Et oui, dans le café où j'ai cherché à écrire, je travaille beaucoup plus efficacement – ​​car fouiller constamment dans ma poche n'apporte plus rien, et j'arrête vite. Quand on m'appelle, je l'entends. Idem quand on m'envoie un SMS. Et tant qu'il n'y a pas de bruit à analyser, il n'y a rien à faire – et c'est très agréable, voire libérateur. Si je tombe sur quelque chose qui m'amuse, m'émouvant ou m'irrite, je ne prends pas de photo pour l'envoyer. Je la laisse simplement agir. Quand une pensée me vient, que j'aurais auparavant immédiatement partagée, je la savoure seul. C'était comme ça avant, quand on ne pouvait joindre nos amis que par courrier ou par téléphone fixe. Le silence devait être agréable, et les paroles devaient avoir plus de poids. Le MP01 a un peu de l'aura de cette époque. Je l'aime pour ça.

Jour 12

Ce week-end, mon smartphone était de nouveau opérationnel. J'ai joué aux échecs contre des Néerlandais, des Indiens et des Suédois, et j'ai reçu des mèmes amusants sur WhatsApp. J'ai envoyé à ma copine des déclarations d'amour complètes – grâce à l'écran tactile du Huawei, où le doigt glisse sur les lettres, bien plus facilement que sur le MP01, où il faut appuyer trois fois sur la touche « 6 » pour obtenir un « o ». Et j'ai pris des photos. J'aime prendre des photos, surtout des personnes, des choses et des moments. Le fait qu'avec un smartphone, on ait toujours un appareil photo dans sa poche est probablement l'argument le plus convaincant en faveur d'un tel appareil. Le fait que l'on le sorte des dizaines de fois par jour de cette même poche pour le regarder comme un idiot, alors que rien ne se passe, est un contre-argument de poids, mais pas suffisant. La carte SIM reste définitivement dans le Huawei. L'expérience consistant à renoncer au smartphone pendant quatre semaines s'est, après deux demi-journées, effondrée lamentablement.

Jour 20

J'ai trouvé d'autres moyens de me contrôler. Il existe des applications qui déconnectent soit le smartphone, soit d'autres applications spécifiques d'internet pendant des périodes choisies. Je le fais déjà avec mon ordinateur portable : de 8 h à 11 h et de midi à 16 h, c'est le calme plat, et maintenant c'est aussi valable pour mon smartphone. Et il m'arrive aussi de le laisser volontairement à la maison. Au début, j'ai l'impression de marcher sans pantalon dans la rue, mais après quelques jours, j'ai juste l'impression d'avoir oublié mon portefeuille. Mais ce n'est pas grave.

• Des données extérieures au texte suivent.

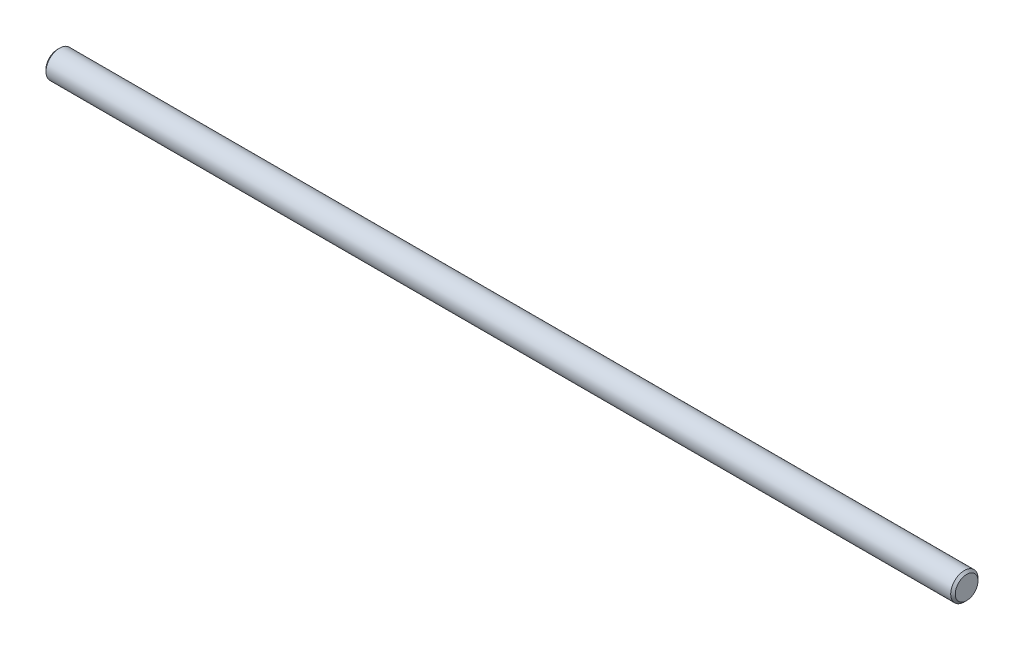
from build123d import *

# Parameters (mm, degrees)
SKETCH1_R           = 6
BOSS_EXTRUDE1_DEPTH = 400
CHAMFER1_SIZE       = 1


with BuildPart() as part:
    # Sketch1 → Boss-Extrude1 (new body)
    with BuildSketch(Plane(origin=(0, 0, 0), x_dir=(0, 0, -1), z_dir=(1, 0, 0))):
        Circle(SKETCH1_R)
    extrude(amount=BOSS_EXTRUDE1_DEPTH)

    # Chamfer1
    chamfer1_edges = [part.edges().sort_by_distance(p)[0] for p in [
        (0, 0, 6),
        (400, 0, 6),
    ]]
    chamfer(chamfer1_edges, length=CHAMFER1_SIZE)


solid = part.part
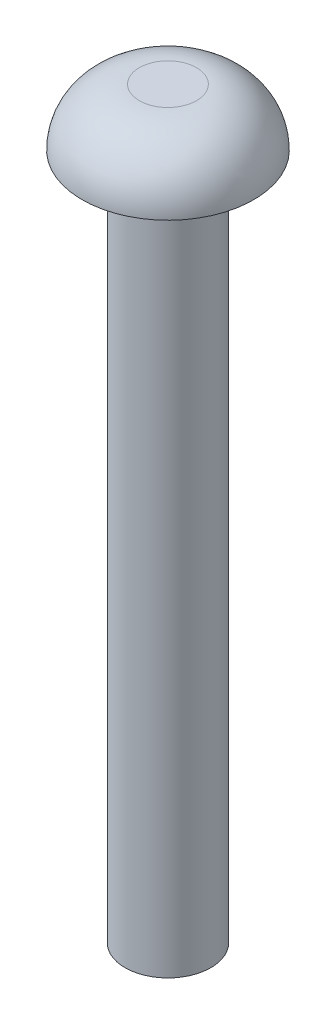
from build123d import *

# Parameters (mm, degrees)
SKETCH1_W = 6
SKETCH1_H = 96


with BuildPart() as part:
    # Sketch1 → Revolve2 (revolve)
    with BuildSketch(Plane.XY):
        with Locations((3, -48)):
            Rectangle(SKETCH1_W, SKETCH1_H)
        with BuildLine():
            Line((6, 8), (2, 8))
            ThreePointArc((2, 8), (-3.656854249, 5.656854249), (-6, 0))
            Line((-6, 0), (6, 0))
            Line((6, 0), (6, 8))
        make_face()
    revolve(axis=Axis((6, 0, 0), (0, -1, 0)))


solid = part.part

Que tout cela soit si difficile pour moi est gênant ; je trouve même cela un peu ridicule. Mais le sentiment de mépris de moi-même a disparu. Je ne suis plus contrarié de ne pas pouvoir vivre sans smartphone. Pourquoi le devrais-je, d'ailleurs ? Je connais justement une personne qui en est capable. Mais c'est un photographe et il a toujours un appareil photo sur lui.